Même si le lecteur n'est pas sensible à cette étrange de forme de nostalgie où Byrne rend hommage à ses propres travaux (tout en faisant des clins d'œil aux créateurs des séries fondatrices du genre, Liz Lanning fait une apparition, évoquant le LL de Lois Lane), il ne peut qu'être bluffé par Paper, une femme en 2 dimensions dont le corps a les propriétés du papier. Il y a cette mise en abîme : une héroïne de papier dans un comics de papier. Il y a aussi cette utilisation perspicace et intelligente des propriétés du papier, transformant un concept débile (un personnage de papier), en une superhéroïne crédible dans le cadre d'un comics, une belle réussite surréaliste.

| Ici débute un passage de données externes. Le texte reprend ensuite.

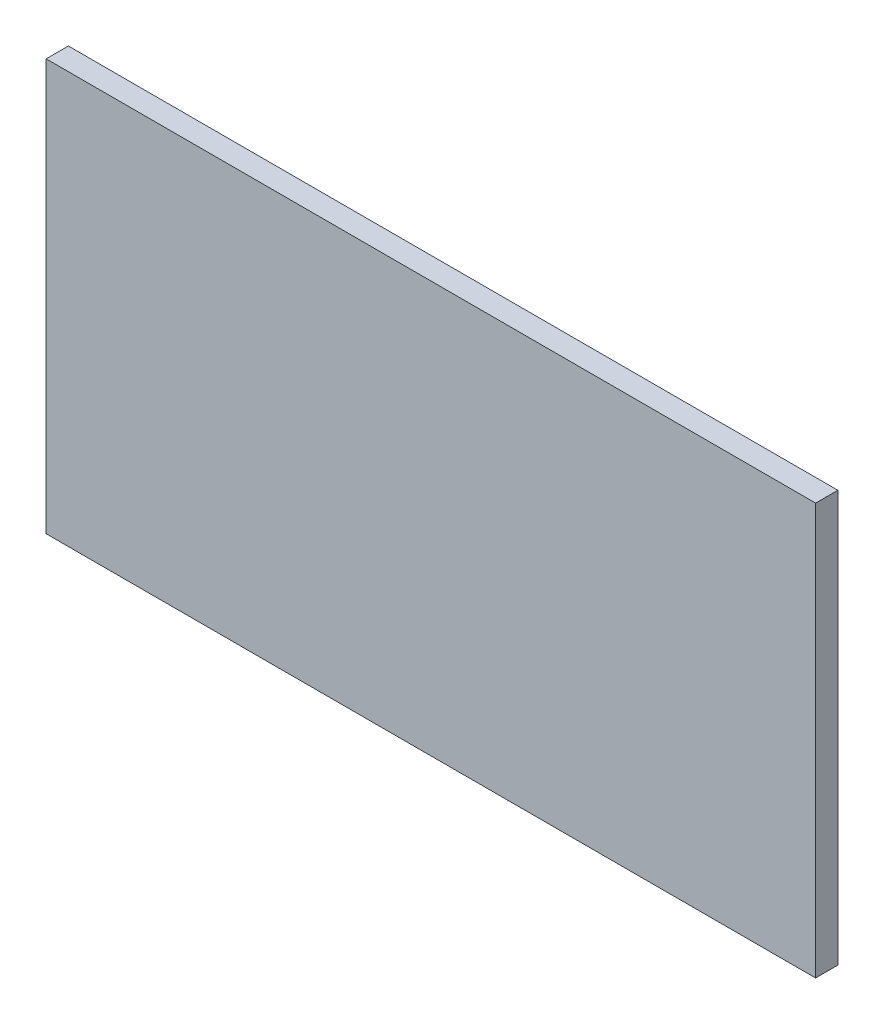
ISO-10303-21;
HEADER;
FILE_DESCRIPTION(('STEP AP214'),'2;1');
FILE_NAME('part.step','',(''),(''),'','','');
FILE_SCHEMA(('AUTOMOTIVE_DESIGN { 1 0 10303 214 1 1 1 1 }'));
ENDSEC;
DATA;
#1=APPLICATION_CONTEXT('core data for automotive mechanical design processes');
#2=APPLICATION_PROTOCOL_DEFINITION('international standard','automotive_design',2000,#1);
#3=PRODUCT_CONTEXT('',#1,'mechanical');
#4=PRODUCT('Part','Part','',(#3));
#5=PRODUCT_RELATED_PRODUCT_CATEGORY('part','',(#4));
#6=PRODUCT_DEFINITION_FORMATION('','',#4);
#7=PRODUCT_DEFINITION_CONTEXT('part definition',#1,'design');
#8=PRODUCT_DEFINITION('design','',#6,#7);
#9=PRODUCT_DEFINITION_SHAPE('','',#8);
#10=(LENGTH_UNIT() NAMED_UNIT(*) SI_UNIT(.MILLI.,.METRE.));
#11=(NAMED_UNIT(*) PLANE_ANGLE_UNIT() SI_UNIT($,.RADIAN.));
#12=(NAMED_UNIT(*) SI_UNIT($,.STERADIAN.) SOLID_ANGLE_UNIT());
#13=UNCERTAINTY_MEASURE_WITH_UNIT(LENGTH_MEASURE(1.E-05),#10,'distance_accuracy_value','');
#14=(GEOMETRIC_REPRESENTATION_CONTEXT(3) GLOBAL_UNCERTAINTY_ASSIGNED_CONTEXT((#13)) GLOBAL_UNIT_ASSIGNED_CONTEXT((#10,
#11,#12)) REPRESENTATION_CONTEXT('',''));
#15=CARTESIAN_POINT('',(0.,0.,0.));
#16=DIRECTION('',(0.,0.,1.));
#17=DIRECTION('',(1.,0.,0.));
#18=AXIS2_PLACEMENT_3D('',#15,#16,#17);
#19=CARTESIAN_POINT('',(-311.5,-166.5,18.));
#20=DIRECTION('',(1.,0.,0.));
#21=DIRECTION('',(0.,0.,-1.));
#22=AXIS2_PLACEMENT_3D('',#19,#20,#21);
#23=PLANE('',#22);
#24=DIRECTION('',(0.,-1.,0.));
#25=VECTOR('',#24,1.);
#26=CARTESIAN_POINT('',(-311.5,-166.5,0.));
#27=LINE('',#26,#25);
#28=CARTESIAN_POINT('',(-311.5,166.5,0.));
#29=VERTEX_POINT('',#28);
#30=CARTESIAN_POINT('',(-311.5,-166.5,0.));
#31=VERTEX_POINT('',#30);
#32=EDGE_CURVE('E96',#29,#31,#27,.T.);
#33=ORIENTED_EDGE('',*,*,#32,.T.);
#34=DIRECTION('',(0.,0.,-1.));
#35=VECTOR('',#34,1.);
#36=CARTESIAN_POINT('',(-311.5,-166.5,18.));
#37=LINE('',#36,#35);
#38=CARTESIAN_POINT('',(-311.5,-166.5,18.));
#39=VERTEX_POINT('',#38);
#40=EDGE_CURVE('E11',#39,#31,#37,.T.);
#41=ORIENTED_EDGE('',*,*,#40,.F.);
#42=DIRECTION('',(0.,-1.,0.));
#43=VECTOR('',#42,1.);
#44=CARTESIAN_POINT('',(-311.5,-166.5,18.));
#45=LINE('',#44,#43);
#46=CARTESIAN_POINT('',(-311.5,166.5,18.));
#47=VERTEX_POINT('',#46);
#48=EDGE_CURVE('E84',#47,#39,#45,.T.);
#49=ORIENTED_EDGE('',*,*,#48,.F.);
#50=DIRECTION('',(0.,0.,-1.));
#51=VECTOR('',#50,1.);
#52=CARTESIAN_POINT('',(-311.5,166.5,18.));
#53=LINE('',#52,#51);
#54=EDGE_CURVE('E92',#47,#29,#53,.T.);
#55=ORIENTED_EDGE('',*,*,#54,.T.);
#56=EDGE_LOOP('',(#33,#41,#49,#55));
#57=FACE_BOUND('',#56,.T.);
#58=ADVANCED_FACE('F33',(#57),#23,.F.);
#59=CARTESIAN_POINT('',(311.5,-166.5,18.));
#60=DIRECTION('',(0.,1.,0.));
#61=DIRECTION('',(-1.,0.,0.));
#62=AXIS2_PLACEMENT_3D('',#59,#60,#61);
#63=PLANE('',#62);
#64=DIRECTION('',(1.,0.,0.));
#65=VECTOR('',#64,1.);
#66=CARTESIAN_POINT('',(311.5,-166.5,0.));
#67=LINE('',#66,#65);
#68=CARTESIAN_POINT('',(311.5,-166.5,0.));
#69=VERTEX_POINT('',#68);
#70=EDGE_CURVE('E88',#31,#69,#67,.T.);
#71=ORIENTED_EDGE('',*,*,#70,.T.);
#72=DIRECTION('',(0.,0.,-1.));
#73=VECTOR('',#72,1.);
#74=CARTESIAN_POINT('',(311.5,-166.5,18.));
#75=LINE('',#74,#73);
#76=CARTESIAN_POINT('',(311.5,-166.5,18.));
#77=VERTEX_POINT('',#76);
#78=EDGE_CURVE('E41',#77,#69,#75,.T.);
#79=ORIENTED_EDGE('',*,*,#78,.F.);
#80=DIRECTION('',(1.,0.,0.));
#81=VECTOR('',#80,1.);
#82=CARTESIAN_POINT('',(311.5,-166.5,18.));
#83=LINE('',#82,#81);
#84=EDGE_CURVE('E79',#39,#77,#83,.T.);
#85=ORIENTED_EDGE('',*,*,#84,.F.);
#86=ORIENTED_EDGE('',*,*,#40,.T.);
#87=EDGE_LOOP('',(#71,#79,#85,#86));
#88=FACE_BOUND('',#87,.T.);
#89=ADVANCED_FACE('F87',(#88),#63,.F.);
#90=CARTESIAN_POINT('',(311.5,-166.5,18.));
#91=DIRECTION('',(-1.,0.,0.));
#92=DIRECTION('',(0.,0.,1.));
#93=AXIS2_PLACEMENT_3D('',#90,#91,#92);
#94=PLANE('',#93);
#95=DIRECTION('',(0.,1.,0.));
#96=VECTOR('',#95,1.);
#97=CARTESIAN_POINT('',(311.5,-166.5,0.));
#98=LINE('',#97,#96);
#99=CARTESIAN_POINT('',(311.5,166.5,0.));
#100=VERTEX_POINT('',#99);
#101=EDGE_CURVE('E66',#69,#100,#98,.T.);
#102=ORIENTED_EDGE('',*,*,#101,.T.);
#103=DIRECTION('',(0.,0.,-1.));
#104=VECTOR('',#103,1.);
#105=CARTESIAN_POINT('',(311.5,166.5,18.));
#106=LINE('',#105,#104);
#107=CARTESIAN_POINT('',(311.5,166.5,18.));
#108=VERTEX_POINT('',#107);
#109=EDGE_CURVE('E89',#108,#100,#106,.T.);
#110=ORIENTED_EDGE('',*,*,#109,.F.);
#111=DIRECTION('',(0.,1.,0.));
#112=VECTOR('',#111,1.);
#113=CARTESIAN_POINT('',(311.5,-166.5,18.));
#114=LINE('',#113,#112);
#115=EDGE_CURVE('E82',#77,#108,#114,.T.);
#116=ORIENTED_EDGE('',*,*,#115,.F.);
#117=ORIENTED_EDGE('',*,*,#78,.T.);
#118=EDGE_LOOP('',(#102,#110,#116,#117));
#119=FACE_BOUND('',#118,.T.);
#120=ADVANCED_FACE('F90',(#119),#94,.F.);
#121=CARTESIAN_POINT('',(311.5,166.5,18.));
#122=DIRECTION('',(0.,-1.,0.));
#123=DIRECTION('',(1.,0.,0.));
#124=AXIS2_PLACEMENT_3D('',#121,#122,#123);
#125=PLANE('',#124);
#126=DIRECTION('',(-1.,0.,0.));
#127=VECTOR('',#126,1.);
#128=CARTESIAN_POINT('',(311.5,166.5,0.));
#129=LINE('',#128,#127);
#130=EDGE_CURVE('E72',#100,#29,#129,.T.);
#131=ORIENTED_EDGE('',*,*,#130,.T.);
#132=ORIENTED_EDGE('',*,*,#54,.F.);
#133=DIRECTION('',(-1.,0.,0.));
#134=VECTOR('',#133,1.);
#135=CARTESIAN_POINT('',(311.5,166.5,18.));
#136=LINE('',#135,#134);
#137=EDGE_CURVE('E49',#108,#47,#136,.T.);
#138=ORIENTED_EDGE('',*,*,#137,.F.);
#139=ORIENTED_EDGE('',*,*,#109,.T.);
#140=EDGE_LOOP('',(#131,#132,#138,#139));
#141=FACE_BOUND('',#140,.T.);
#142=ADVANCED_FACE('F103',(#141),#125,.F.);
#143=CARTESIAN_POINT('',(0.,0.,18.));
#144=DIRECTION('',(0.,0.,1.));
#145=DIRECTION('',(1.,0.,0.));
#146=AXIS2_PLACEMENT_3D('',#143,#144,#145);
#147=PLANE('',#146);
#148=ORIENTED_EDGE('',*,*,#48,.T.);
#149=ORIENTED_EDGE('',*,*,#84,.T.);
#150=ORIENTED_EDGE('',*,*,#115,.T.);
#151=ORIENTED_EDGE('',*,*,#137,.T.);
#152=EDGE_LOOP('',(#148,#149,#150,#151));
#153=FACE_BOUND('',#152,.T.);
#154=ADVANCED_FACE('F80',(#153),#147,.T.);
#155=CARTESIAN_POINT('',(0.,0.,0.));
#156=DIRECTION('',(0.,0.,1.));
#157=DIRECTION('',(1.,0.,0.));
#158=AXIS2_PLACEMENT_3D('',#155,#156,#157);
#159=PLANE('',#158);
#160=ORIENTED_EDGE('',*,*,#32,.F.);
#161=ORIENTED_EDGE('',*,*,#130,.F.);
#162=ORIENTED_EDGE('',*,*,#101,.F.);
#163=ORIENTED_EDGE('',*,*,#70,.F.);
#164=EDGE_LOOP('',(#160,#161,#162,#163));
#165=FACE_BOUND('',#164,.T.);
#166=ADVANCED_FACE('F106',(#165),#159,.F.);
#167=CLOSED_SHELL('',(#58,#89,#120,#142,#154,#166));
#168=MANIFOLD_SOLID_BREP('B2',#167);
#169=ADVANCED_BREP_SHAPE_REPRESENTATION('',(#18,#168),#14);
#170=SHAPE_DEFINITION_REPRESENTATION(#9,#169);
ENDSEC;
END-ISO-10303-21;

Malheureusement ce récit se termine également sur une situation conflictuelle non résolue. Il ne reste qu'à espérer que John Byrne y donne une suite.
De prime abord, Triple Helix semble réservé aux lecteurs nostalgiques des comics de John Byrne des années 1980. Néanmoins Byrne ne s'autoparodie pas et ne fait pas preuve de gâtisme. Il réalise un récit premier degré vif et nerveux où chaque case compte, avec des superhéros intrigants et originaux. Il intègre les conventions des comics de superhéros de type Marvel comme il le faisait dans les années 1980, en y adjoignant un peu de Next Men, pour un comics à l'ancienne, on peut même dire à la John Byrne, avec quelques moments exceptionnels (vivement une minisérie dédiée à Paper).